WHAT THE TASK REQUIRES: The records below must be written out exactly, with every picture left behind.

Top of EXTRACTED DATA

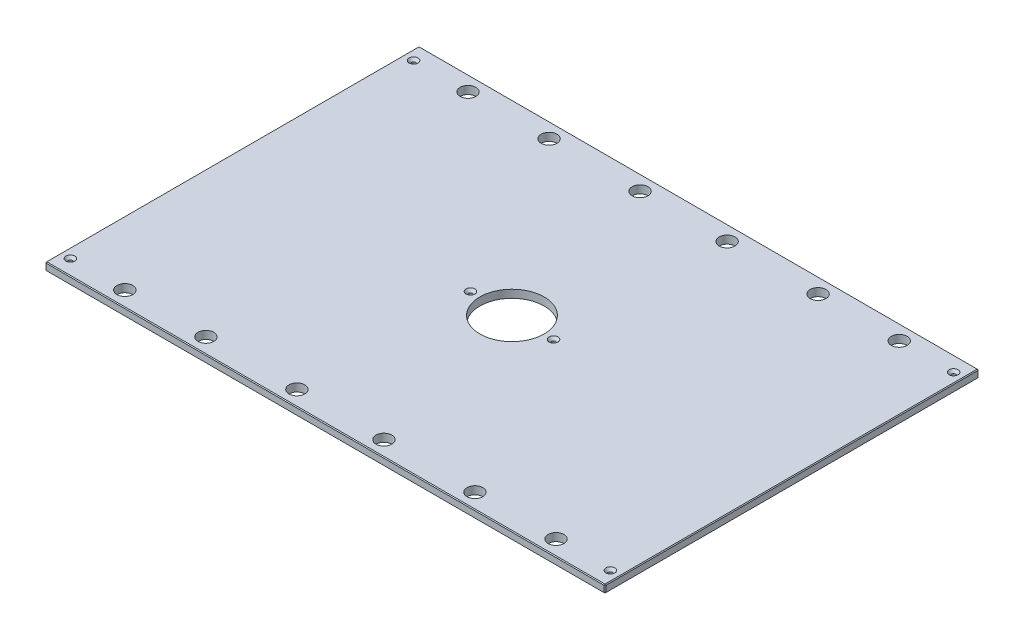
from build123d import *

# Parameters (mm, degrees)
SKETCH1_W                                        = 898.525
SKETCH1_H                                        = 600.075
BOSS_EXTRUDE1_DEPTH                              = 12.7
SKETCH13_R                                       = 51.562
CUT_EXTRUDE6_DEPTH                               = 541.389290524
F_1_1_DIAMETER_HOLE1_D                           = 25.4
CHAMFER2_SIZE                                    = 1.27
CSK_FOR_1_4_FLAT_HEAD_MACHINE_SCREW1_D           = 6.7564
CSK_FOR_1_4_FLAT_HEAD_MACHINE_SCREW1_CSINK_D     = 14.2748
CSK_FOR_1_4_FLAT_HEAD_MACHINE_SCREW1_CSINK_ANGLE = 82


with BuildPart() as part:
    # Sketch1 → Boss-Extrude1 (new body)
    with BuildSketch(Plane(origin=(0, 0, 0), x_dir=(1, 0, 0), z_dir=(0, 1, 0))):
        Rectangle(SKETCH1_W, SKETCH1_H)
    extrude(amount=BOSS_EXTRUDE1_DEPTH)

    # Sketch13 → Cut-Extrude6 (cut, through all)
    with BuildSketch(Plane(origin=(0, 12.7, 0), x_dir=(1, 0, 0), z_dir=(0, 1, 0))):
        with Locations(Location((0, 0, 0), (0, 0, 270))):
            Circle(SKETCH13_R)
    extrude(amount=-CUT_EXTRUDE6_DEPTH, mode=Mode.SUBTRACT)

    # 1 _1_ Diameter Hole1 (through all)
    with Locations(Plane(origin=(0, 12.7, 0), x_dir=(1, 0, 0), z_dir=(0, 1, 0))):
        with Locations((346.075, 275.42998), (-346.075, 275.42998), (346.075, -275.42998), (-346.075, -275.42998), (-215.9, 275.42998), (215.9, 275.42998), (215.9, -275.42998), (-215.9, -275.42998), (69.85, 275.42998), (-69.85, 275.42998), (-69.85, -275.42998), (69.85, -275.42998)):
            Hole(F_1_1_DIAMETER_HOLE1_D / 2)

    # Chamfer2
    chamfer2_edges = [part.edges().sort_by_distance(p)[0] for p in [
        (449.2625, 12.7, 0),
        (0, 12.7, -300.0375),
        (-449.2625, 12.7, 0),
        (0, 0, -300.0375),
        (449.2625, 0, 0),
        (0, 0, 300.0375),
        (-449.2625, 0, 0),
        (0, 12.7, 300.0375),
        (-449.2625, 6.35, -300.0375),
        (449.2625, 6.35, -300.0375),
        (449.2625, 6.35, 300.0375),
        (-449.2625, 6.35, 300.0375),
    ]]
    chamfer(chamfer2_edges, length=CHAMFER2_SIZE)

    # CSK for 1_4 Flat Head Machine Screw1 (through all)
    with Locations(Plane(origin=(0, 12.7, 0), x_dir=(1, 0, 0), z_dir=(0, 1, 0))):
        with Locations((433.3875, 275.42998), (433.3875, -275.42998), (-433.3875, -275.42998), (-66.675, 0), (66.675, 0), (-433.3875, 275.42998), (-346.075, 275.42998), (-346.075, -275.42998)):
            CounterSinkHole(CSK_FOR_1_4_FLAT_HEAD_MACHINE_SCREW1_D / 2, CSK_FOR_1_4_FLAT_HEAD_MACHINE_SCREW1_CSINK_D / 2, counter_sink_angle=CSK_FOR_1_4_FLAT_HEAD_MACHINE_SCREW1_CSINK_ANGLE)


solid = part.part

Bottom of EXTRACTED DATA

YOUR SOLUTION:
from build123d import *

# Parameters (mm, degrees)
SKETCH1_W                                        = 898.525
SKETCH1_H                                        = 600.075
BOSS_EXTRUDE1_DEPTH                              = 12.7
SKETCH13_R                                       = 51.562
CUT_EXTRUDE6_DEPTH                               = 541.389290524
F_1_1_DIAMETER_HOLE1_D                           = 25.4
CHAMFER2_SIZE                                    = 1.27
CSK_FOR_1_4_FLAT_HEAD_MACHINE_SCREW1_D           = 6.7564
CSK_FOR_1_4_FLAT_HEAD_MACHINE_SCREW1_CSINK_D     = 14.2748
CSK_FOR_1_4_FLAT_HEAD_MACHINE_SCREW1_CSINK_ANGLE = 82


with BuildPart() as part:
    # Sketch1 → Boss-Extrude1 (new body)
    with BuildSketch(Plane(origin=(0, 0, 0), x_dir=(1, 0, 0), z_dir=(0, 1, 0))):
        Rectangle(SKETCH1_W, SKETCH1_H)
    extrude(amount=BOSS_EXTRUDE1_DEPTH)

    # Sketch13 → Cut-Extrude6 (cut, through all)
    with BuildSketch(Plane(origin=(0, 12.7, 0), x_dir=(1, 0, 0), z_dir=(0, 1, 0))):
        with Locations(Location((0, 0, 0), (0, 0, 270))):
            Circle(SKETCH13_R)
    extrude(amount=-CUT_EXTRUDE6_DEPTH, mode=Mode.SUBTRACT)

    # 1 _1_ Diameter Hole1 (through all)
    with Locations(Plane(origin=(0, 12.7, 0), x_dir=(1, 0, 0), z_dir=(0, 1, 0))):
        with Locations((346.075, 275.42998), (-346.075, 275.42998), (346.075, -275.42998), (-346.075, -275.42998), (-215.9, 275.42998), (215.9, 275.42998), (215.9, -275.42998), (-215.9, -275.42998), (69.85, 275.42998), (-69.85, 275.42998), (-69.85, -275.42998), (69.85, -275.42998)):
            Hole(F_1_1_DIAMETER_HOLE1_D / 2)

    # Chamfer2
    chamfer2_edges = [part.edges().sort_by_distance(p)[0] for p in [
        (449.2625, 12.7, 0),
        (0, 12.7, -300.0375),
        (-449.2625, 12.7, 0),
        (0, 0, -300.0375),
        (449.2625, 0, 0),
        (0, 0, 300.0375),
        (-449.2625, 0, 0),
        (0, 12.7, 300.0375),
        (-449.2625, 6.35, -300.0375),
        (449.2625, 6.35, -300.0375),
        (449.2625, 6.35, 300.0375),
        (-449.2625, 6.35, 300.0375),
    ]]
    chamfer(chamfer2_edges, length=CHAMFER2_SIZE)

    # CSK for 1_4 Flat Head Machine Screw1 (through all)
    with Locations(Plane(origin=(0, 12.7, 0), x_dir=(1, 0, 0), z_dir=(0, 1, 0))):
        with Locations((433.3875, 275.42998), (433.3875, -275.42998), (-433.3875, -275.42998), (-66.675, 0), (66.675, 0), (-433.3875, 275.42998), (-346.075, 275.42998), (-346.075, -275.42998)):
            CounterSinkHole(CSK_FOR_1_4_FLAT_HEAD_MACHINE_SCREW1_D / 2, CSK_FOR_1_4_FLAT_HEAD_MACHINE_SCREW1_CSINK_D / 2, counter_sink_angle=CSK_FOR_1_4_FLAT_HEAD_MACHINE_SCREW1_CSINK_ANGLE)


solid = part.part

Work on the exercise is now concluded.